- Born: Leanne Baird Stoney Creek (now Hamilton), Ontario
- Height: 1.70 m (5 ft 7 in)
- Beauty pageant titleholder
- Title: Miss Canada International 1998
- Hair colour: Brown
- Eye colour: Blue
- Major competition(s): Miss Canada International 1998 (winner) Miss World 1998

= Leanne Baird =

Canadian beauty pageant titleholder

Leanne Baird is a Canadian beauty pageant titleholder. She was Miss Canada International 1998. She was chosen Miss Canada International in August 1998 and went to the Seychelles for the Miss World pageant on 26 November 1998. She did not win Miss World 1998, but her roommate, Miss Israel 1998 Linor Abargil, did.

==Early life==
Leanne Baird was born in Stoney Creek, Ontario.

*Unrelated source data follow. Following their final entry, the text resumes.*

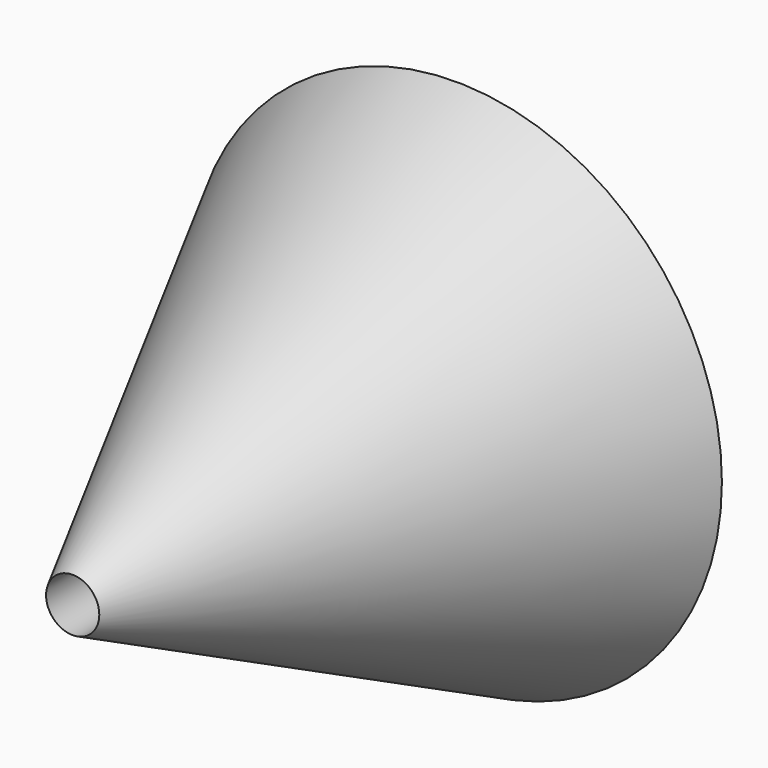
from build123d import *

# Parameters (mm, degrees)
F0_R     = 1.27
F1_DEPTH = 2.54
F2_SIZE2 = 2.53999
F2_SIZE  = 1.26999
F3_R     = 0.127
F4_DEPTH = 2.541


# Not quite as in the source:
# - a fillet or chamfer is up to 0.001 mm smaller than in the source, because OpenCascade refuses the exact size


with BuildPart() as f1:
    # F0 (on Front) → F1 (new body)
    with BuildSketch(Plane.XZ):
        Circle(F0_R)
    extrude(amount=F1_DEPTH)

    # F2 (size 1.27 and 2.54 in the source; OpenCascade refuses exactly that, so slightly less here)
    f2_edges = [f1.edges().sort_by_distance(p)[0] for p in [
        (-1.27, -2.54, 0),
    ]]
    f2_side = f1.faces().sort_by_distance((0, -2.54, 0))[0]
    chamfer(f2_edges, length=F2_SIZE, length2=F2_SIZE2, reference=f2_side)

    # F3 (on face) → F4 (cut, through all)
    with BuildSketch(Plane(origin=(0, 0, 0), x_dir=(-1, 0, 0), z_dir=(0, 1, 0))):
        Circle(F3_R)
    extrude(amount=-F4_DEPTH, mode=Mode.SUBTRACT)


solid = f1.part

She also won Miss Winona Peach Queen in her late teens. After her reign, she and her sister ran the Miss Winona Peach Queen Pageant in Winona Ontario for several years.

==Career==
After her reign was completed, she finished Teachers College in Canada. She has been an English teacher and now a Guidance Counsellor at Cathedral High School in Hamilton Ontario. She currently works as Head Guidance Counsellor in a High School in Hamilton. She has been a special needs worker and a camp supervisor working with children. She has also volunteered for many camps, youth organizations, and hospitals. She married in 2007 and has three daughters.